* _Saved entries_:
---*---

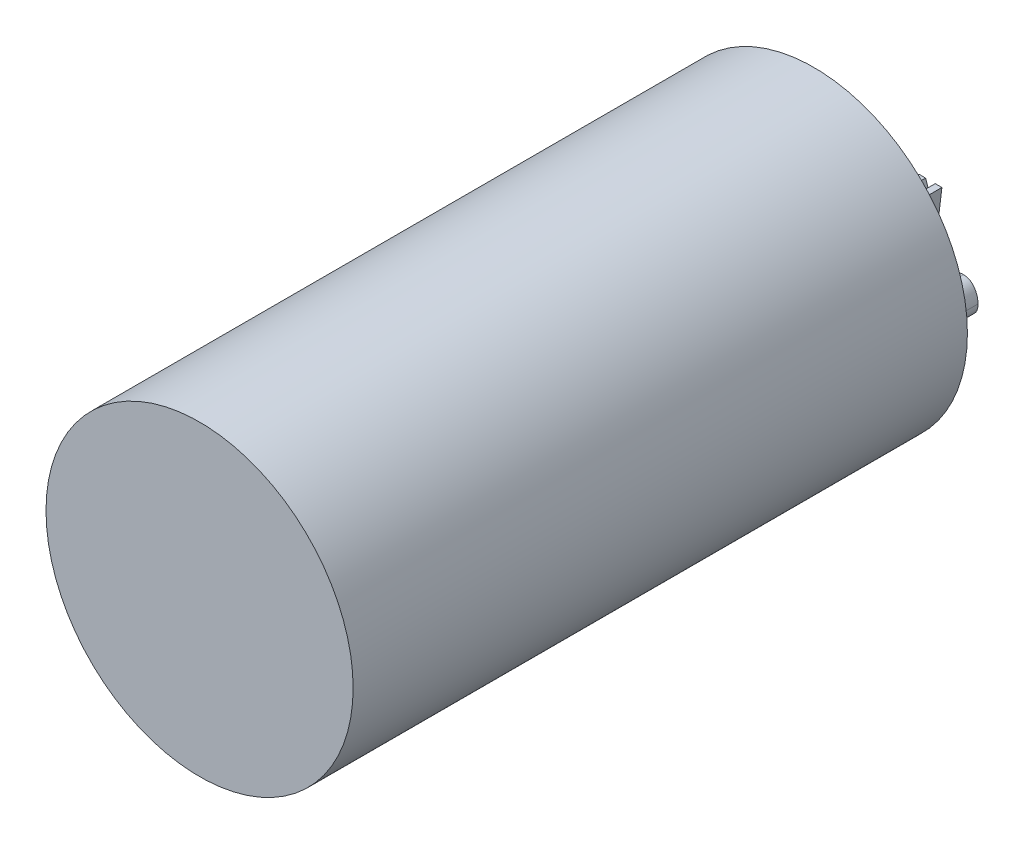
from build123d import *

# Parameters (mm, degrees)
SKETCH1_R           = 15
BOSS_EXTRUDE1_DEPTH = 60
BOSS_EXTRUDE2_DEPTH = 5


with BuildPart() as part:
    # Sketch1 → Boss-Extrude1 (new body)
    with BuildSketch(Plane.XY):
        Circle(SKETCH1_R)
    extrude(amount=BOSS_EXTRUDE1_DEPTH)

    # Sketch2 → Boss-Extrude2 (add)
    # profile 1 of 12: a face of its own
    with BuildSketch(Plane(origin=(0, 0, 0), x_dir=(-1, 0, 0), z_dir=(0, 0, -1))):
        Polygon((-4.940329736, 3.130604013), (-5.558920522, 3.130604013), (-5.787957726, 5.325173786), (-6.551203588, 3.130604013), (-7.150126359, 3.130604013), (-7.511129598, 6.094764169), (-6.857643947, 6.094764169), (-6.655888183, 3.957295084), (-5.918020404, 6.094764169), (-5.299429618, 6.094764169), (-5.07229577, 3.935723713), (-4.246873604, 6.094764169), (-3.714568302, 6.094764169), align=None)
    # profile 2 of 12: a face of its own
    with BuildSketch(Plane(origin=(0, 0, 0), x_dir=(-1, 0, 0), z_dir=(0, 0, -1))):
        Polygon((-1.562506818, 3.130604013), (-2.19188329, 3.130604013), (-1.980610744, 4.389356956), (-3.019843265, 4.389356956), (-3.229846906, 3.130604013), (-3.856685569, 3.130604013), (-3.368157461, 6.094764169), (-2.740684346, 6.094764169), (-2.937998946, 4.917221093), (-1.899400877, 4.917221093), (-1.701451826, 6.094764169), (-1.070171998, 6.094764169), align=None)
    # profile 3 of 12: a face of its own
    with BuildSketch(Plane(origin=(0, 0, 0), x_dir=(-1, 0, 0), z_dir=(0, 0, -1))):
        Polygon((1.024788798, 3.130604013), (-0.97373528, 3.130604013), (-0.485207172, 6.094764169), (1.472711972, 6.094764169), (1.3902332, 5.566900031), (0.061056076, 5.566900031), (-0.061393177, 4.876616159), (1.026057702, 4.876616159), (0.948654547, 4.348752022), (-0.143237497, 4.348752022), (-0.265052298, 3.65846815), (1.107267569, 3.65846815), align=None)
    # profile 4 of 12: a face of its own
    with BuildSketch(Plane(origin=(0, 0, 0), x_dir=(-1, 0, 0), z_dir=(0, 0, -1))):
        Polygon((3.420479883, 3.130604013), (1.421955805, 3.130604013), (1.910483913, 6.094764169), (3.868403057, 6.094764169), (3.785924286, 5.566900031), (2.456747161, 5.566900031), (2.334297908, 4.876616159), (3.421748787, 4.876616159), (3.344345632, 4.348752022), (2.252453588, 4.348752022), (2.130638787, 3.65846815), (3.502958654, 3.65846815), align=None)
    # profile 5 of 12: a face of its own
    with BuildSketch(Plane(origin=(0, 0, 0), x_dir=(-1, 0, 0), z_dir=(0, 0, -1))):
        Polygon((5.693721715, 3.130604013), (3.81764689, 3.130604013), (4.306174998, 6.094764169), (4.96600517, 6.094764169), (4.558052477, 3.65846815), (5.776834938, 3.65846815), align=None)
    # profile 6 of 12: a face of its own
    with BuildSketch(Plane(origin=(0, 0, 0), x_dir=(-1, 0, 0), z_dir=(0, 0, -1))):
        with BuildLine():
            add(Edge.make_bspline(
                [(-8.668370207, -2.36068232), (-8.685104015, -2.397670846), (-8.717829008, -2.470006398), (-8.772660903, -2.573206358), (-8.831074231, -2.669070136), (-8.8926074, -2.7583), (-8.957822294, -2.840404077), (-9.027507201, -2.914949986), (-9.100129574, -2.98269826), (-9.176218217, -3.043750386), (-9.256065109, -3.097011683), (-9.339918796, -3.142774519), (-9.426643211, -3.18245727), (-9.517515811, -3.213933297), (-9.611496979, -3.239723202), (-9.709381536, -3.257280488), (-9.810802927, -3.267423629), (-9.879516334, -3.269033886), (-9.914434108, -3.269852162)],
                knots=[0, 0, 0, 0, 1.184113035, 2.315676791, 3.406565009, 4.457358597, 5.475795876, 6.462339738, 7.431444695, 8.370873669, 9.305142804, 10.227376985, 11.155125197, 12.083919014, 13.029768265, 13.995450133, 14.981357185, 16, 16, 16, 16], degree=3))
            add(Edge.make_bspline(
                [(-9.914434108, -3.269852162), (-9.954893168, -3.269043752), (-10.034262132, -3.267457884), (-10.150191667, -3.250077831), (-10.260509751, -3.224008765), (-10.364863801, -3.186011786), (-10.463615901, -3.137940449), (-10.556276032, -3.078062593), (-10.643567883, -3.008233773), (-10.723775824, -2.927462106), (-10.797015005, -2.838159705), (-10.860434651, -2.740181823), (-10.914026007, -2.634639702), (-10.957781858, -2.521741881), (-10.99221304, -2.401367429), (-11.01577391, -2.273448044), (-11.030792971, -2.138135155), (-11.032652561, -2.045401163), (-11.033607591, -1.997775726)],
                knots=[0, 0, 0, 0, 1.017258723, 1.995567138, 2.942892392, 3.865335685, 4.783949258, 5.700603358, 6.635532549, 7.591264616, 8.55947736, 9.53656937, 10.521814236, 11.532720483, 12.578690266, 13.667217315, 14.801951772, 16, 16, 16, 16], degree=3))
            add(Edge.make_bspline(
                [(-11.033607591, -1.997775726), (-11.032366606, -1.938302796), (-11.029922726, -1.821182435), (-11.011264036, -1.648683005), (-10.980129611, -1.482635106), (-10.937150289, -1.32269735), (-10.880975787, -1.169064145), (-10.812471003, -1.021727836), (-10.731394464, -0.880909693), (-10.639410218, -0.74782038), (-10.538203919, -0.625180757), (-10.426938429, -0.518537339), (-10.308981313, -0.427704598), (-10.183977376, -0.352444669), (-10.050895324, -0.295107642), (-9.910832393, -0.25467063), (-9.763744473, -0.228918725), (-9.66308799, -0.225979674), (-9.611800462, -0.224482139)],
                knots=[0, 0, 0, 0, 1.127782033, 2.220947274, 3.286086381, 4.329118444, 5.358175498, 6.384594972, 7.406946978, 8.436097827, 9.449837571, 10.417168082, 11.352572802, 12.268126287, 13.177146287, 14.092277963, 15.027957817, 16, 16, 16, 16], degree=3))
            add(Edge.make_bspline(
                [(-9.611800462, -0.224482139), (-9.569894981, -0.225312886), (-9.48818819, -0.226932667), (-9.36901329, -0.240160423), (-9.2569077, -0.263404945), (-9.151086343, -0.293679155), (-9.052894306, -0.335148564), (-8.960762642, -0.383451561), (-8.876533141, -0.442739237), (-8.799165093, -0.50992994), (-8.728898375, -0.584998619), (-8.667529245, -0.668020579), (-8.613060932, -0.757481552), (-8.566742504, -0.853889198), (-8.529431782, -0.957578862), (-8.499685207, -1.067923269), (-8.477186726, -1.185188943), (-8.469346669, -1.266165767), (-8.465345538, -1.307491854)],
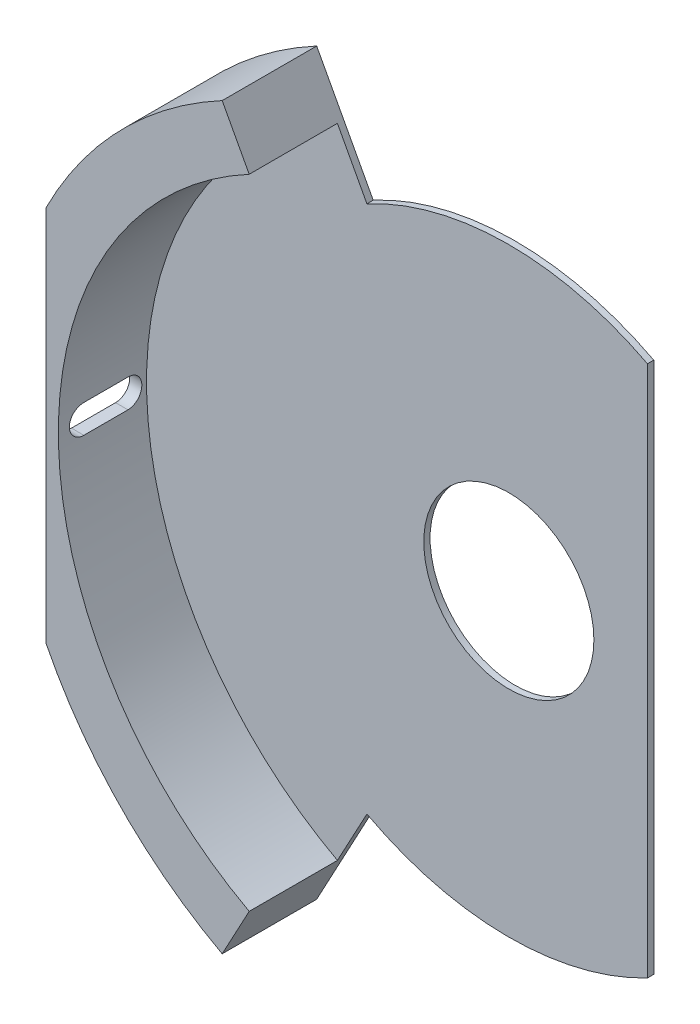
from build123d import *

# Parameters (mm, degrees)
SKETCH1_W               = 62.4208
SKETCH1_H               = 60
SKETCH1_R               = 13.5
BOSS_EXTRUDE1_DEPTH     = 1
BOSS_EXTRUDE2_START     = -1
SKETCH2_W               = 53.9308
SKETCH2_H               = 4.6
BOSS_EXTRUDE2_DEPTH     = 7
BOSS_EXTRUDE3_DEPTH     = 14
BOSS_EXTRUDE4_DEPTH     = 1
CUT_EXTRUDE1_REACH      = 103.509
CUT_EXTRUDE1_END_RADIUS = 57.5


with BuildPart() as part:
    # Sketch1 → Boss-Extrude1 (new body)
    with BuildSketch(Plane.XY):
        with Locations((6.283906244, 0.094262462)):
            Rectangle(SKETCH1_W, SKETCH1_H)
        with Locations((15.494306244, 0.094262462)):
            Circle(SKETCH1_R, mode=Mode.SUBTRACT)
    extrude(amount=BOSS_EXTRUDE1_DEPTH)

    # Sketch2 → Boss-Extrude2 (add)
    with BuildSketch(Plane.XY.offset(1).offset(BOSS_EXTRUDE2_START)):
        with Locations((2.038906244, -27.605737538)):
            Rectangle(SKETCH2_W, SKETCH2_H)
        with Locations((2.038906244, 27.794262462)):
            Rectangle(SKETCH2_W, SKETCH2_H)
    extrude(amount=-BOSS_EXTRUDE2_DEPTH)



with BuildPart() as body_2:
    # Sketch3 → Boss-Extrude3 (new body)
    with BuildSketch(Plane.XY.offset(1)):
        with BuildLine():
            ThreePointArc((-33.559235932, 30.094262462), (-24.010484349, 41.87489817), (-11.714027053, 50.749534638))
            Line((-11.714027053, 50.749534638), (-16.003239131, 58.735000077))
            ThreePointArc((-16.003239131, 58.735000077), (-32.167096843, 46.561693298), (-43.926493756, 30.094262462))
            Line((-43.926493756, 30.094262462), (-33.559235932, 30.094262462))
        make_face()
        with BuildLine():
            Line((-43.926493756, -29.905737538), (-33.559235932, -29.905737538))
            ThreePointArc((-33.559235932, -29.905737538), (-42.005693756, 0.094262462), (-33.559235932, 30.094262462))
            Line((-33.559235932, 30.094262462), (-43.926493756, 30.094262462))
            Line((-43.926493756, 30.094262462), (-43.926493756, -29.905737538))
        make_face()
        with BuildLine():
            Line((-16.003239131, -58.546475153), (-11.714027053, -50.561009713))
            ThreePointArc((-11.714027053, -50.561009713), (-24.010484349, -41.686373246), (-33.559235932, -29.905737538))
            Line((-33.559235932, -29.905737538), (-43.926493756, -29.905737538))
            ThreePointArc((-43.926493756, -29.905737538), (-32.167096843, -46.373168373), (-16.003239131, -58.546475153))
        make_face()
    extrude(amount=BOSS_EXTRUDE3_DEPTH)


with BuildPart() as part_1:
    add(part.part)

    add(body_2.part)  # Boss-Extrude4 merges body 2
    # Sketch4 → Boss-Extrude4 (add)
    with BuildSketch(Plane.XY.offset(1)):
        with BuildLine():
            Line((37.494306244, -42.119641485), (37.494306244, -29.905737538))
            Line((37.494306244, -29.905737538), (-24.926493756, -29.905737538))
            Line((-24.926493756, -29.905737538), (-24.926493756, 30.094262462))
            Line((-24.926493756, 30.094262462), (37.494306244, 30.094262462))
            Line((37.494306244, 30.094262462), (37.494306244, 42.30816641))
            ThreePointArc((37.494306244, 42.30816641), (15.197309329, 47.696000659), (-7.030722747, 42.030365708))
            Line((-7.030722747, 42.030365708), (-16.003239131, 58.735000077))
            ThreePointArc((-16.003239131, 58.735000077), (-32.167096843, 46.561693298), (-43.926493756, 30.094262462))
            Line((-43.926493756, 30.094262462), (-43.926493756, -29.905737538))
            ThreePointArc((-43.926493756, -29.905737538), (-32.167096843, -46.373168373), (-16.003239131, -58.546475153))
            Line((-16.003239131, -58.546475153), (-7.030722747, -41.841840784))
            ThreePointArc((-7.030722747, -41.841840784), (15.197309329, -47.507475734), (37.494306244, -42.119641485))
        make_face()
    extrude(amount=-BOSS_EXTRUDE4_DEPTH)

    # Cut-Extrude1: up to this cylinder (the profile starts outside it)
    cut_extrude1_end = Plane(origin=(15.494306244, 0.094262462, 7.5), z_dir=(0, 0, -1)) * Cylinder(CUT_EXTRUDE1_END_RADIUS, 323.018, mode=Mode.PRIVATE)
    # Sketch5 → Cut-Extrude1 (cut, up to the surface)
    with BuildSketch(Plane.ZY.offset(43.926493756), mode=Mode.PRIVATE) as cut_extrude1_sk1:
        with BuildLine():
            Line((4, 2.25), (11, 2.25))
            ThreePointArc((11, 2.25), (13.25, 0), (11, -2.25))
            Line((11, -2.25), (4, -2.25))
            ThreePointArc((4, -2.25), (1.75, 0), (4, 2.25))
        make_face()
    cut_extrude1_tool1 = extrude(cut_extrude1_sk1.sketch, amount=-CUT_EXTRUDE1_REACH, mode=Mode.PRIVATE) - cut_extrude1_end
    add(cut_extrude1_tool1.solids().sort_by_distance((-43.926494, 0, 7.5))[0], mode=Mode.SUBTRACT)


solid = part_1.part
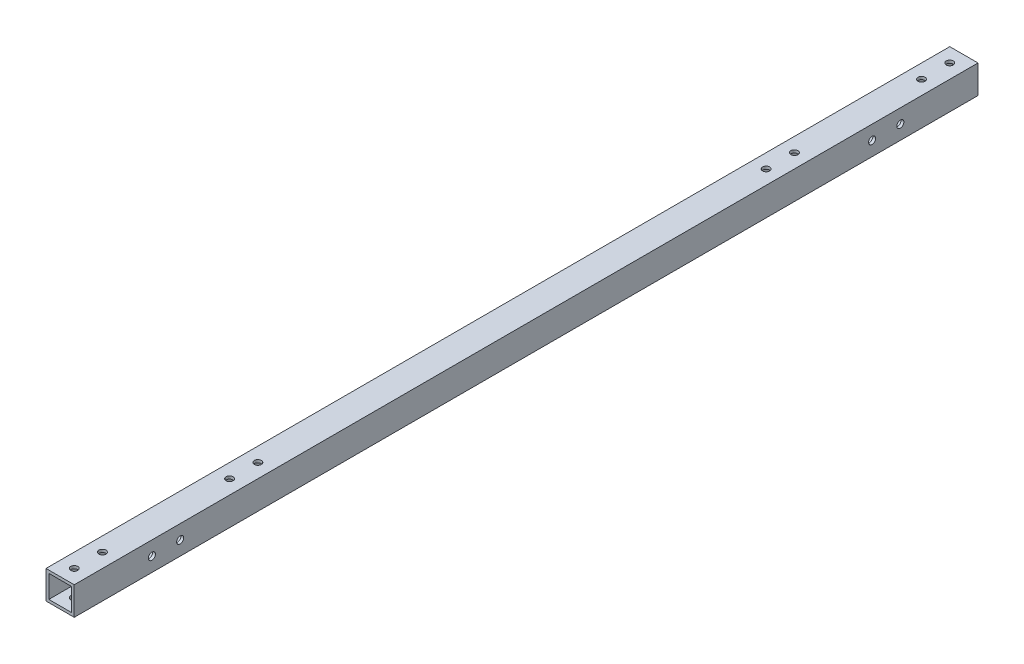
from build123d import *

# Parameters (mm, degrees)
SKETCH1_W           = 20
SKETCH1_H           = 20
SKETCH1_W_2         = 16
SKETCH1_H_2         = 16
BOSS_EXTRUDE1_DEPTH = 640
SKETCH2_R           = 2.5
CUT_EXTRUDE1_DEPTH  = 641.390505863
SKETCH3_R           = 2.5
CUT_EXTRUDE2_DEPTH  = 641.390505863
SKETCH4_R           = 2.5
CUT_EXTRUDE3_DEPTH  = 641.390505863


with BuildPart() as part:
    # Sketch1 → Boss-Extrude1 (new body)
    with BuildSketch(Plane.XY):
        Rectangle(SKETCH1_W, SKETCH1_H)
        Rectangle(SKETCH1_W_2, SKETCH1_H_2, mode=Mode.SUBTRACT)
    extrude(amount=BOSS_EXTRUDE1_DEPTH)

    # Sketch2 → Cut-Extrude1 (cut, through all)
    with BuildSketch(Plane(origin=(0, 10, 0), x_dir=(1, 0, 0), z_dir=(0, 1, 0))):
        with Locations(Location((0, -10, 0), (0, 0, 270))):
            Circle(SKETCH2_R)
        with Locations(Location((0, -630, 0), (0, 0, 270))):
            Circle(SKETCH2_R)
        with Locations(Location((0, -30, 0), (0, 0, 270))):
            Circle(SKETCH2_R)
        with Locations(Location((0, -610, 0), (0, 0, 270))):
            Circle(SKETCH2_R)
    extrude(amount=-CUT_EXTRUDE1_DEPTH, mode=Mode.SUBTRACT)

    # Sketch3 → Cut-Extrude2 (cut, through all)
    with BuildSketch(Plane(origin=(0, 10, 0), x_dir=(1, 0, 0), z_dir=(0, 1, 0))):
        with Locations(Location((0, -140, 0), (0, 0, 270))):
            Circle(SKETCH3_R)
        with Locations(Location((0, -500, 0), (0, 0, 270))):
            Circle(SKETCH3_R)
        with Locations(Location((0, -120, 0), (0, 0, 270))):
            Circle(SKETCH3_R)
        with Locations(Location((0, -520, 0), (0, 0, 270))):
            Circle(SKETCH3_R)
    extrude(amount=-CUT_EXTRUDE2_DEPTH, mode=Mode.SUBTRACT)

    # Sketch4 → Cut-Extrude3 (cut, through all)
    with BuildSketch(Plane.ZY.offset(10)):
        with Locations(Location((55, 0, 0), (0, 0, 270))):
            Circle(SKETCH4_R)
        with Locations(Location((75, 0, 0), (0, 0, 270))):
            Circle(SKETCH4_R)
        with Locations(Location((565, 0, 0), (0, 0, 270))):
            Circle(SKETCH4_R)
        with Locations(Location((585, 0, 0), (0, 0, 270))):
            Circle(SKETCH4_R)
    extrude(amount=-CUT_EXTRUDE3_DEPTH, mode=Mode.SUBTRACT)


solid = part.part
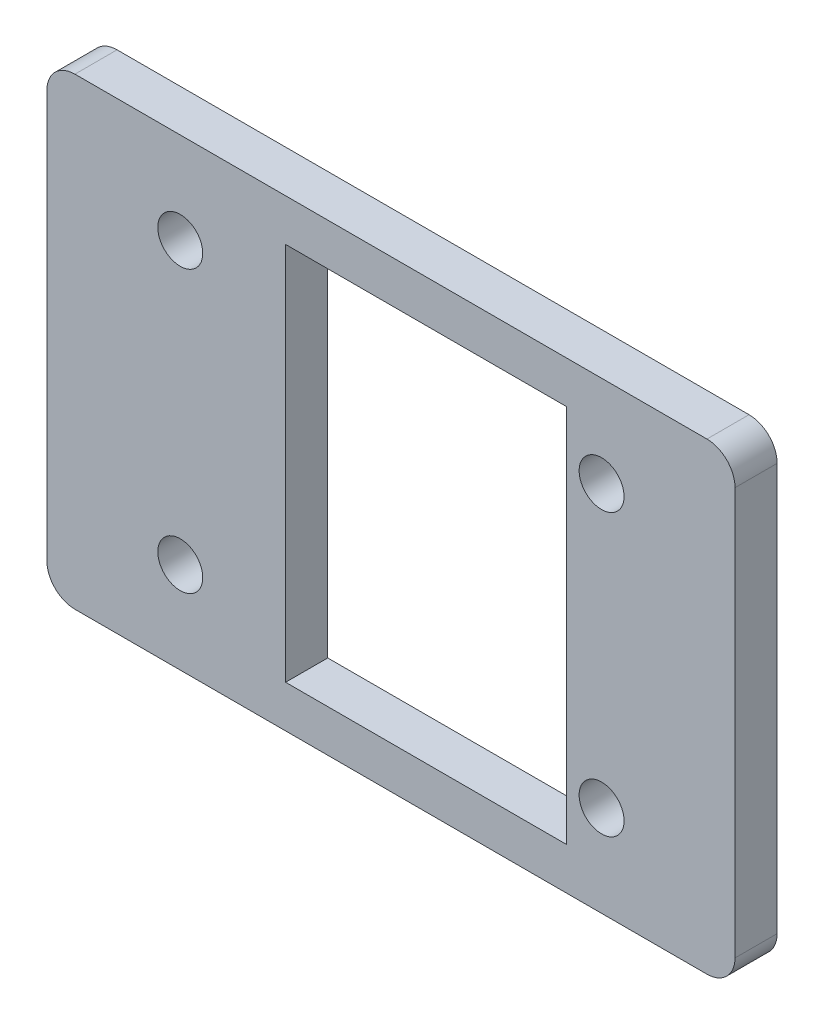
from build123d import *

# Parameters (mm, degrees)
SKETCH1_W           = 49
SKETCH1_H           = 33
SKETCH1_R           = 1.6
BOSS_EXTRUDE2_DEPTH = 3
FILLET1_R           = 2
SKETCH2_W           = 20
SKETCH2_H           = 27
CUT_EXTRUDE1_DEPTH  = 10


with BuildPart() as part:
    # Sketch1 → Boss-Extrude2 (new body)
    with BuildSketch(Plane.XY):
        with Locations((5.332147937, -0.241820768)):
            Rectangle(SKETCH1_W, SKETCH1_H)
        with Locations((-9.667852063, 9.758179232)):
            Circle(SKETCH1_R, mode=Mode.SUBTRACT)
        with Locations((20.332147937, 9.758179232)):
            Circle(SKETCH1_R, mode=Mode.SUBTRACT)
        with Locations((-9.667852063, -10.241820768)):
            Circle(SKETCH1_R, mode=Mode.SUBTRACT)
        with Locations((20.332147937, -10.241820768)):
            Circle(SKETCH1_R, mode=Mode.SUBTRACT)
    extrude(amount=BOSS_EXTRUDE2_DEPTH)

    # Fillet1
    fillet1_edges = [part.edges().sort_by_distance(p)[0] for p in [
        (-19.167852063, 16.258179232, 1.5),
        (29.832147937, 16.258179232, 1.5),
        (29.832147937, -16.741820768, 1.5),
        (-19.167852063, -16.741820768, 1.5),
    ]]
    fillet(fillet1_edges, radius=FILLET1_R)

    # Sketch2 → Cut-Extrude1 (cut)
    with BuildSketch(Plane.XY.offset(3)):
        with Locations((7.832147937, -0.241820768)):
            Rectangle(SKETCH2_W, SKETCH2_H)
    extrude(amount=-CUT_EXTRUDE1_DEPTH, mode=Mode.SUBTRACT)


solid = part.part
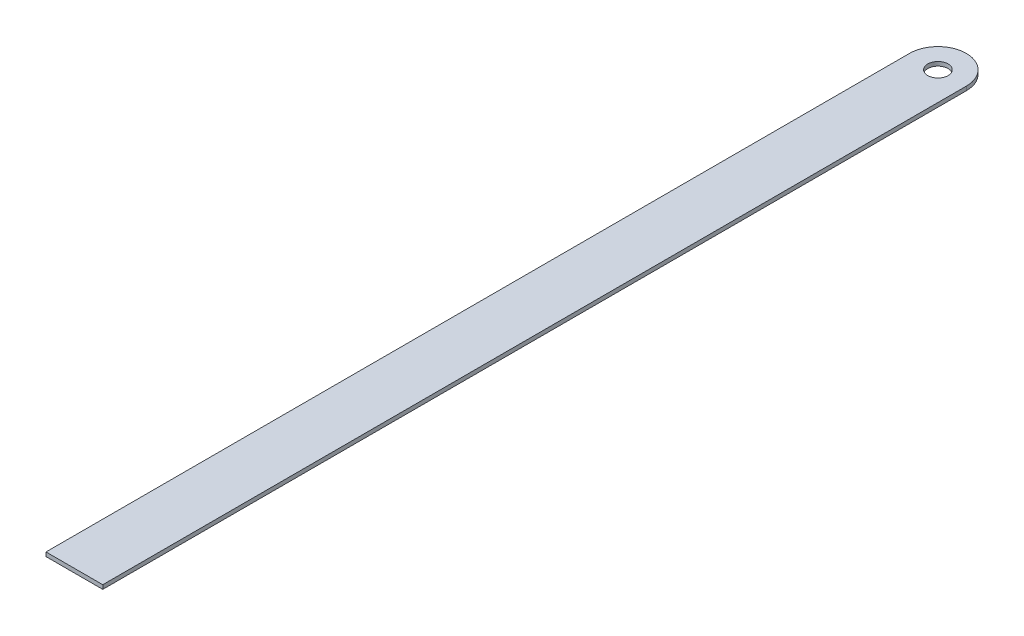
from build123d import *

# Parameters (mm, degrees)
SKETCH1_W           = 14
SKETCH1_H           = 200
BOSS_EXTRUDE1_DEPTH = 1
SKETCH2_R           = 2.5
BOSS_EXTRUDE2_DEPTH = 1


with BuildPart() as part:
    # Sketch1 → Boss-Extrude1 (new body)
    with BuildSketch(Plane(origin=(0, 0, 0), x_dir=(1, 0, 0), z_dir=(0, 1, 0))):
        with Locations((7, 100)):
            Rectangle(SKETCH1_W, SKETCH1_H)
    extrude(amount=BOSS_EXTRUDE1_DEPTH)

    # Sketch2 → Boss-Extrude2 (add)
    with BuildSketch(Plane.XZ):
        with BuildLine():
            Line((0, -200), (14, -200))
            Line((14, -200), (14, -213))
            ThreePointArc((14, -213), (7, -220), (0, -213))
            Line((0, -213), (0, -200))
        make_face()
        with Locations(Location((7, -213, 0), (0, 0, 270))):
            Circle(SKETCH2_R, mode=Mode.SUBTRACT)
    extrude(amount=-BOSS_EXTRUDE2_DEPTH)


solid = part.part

---*---

* _Problem details_: Determine how many lines above contain the string "offset". Give only that number.

* _Response to this exercise_: 6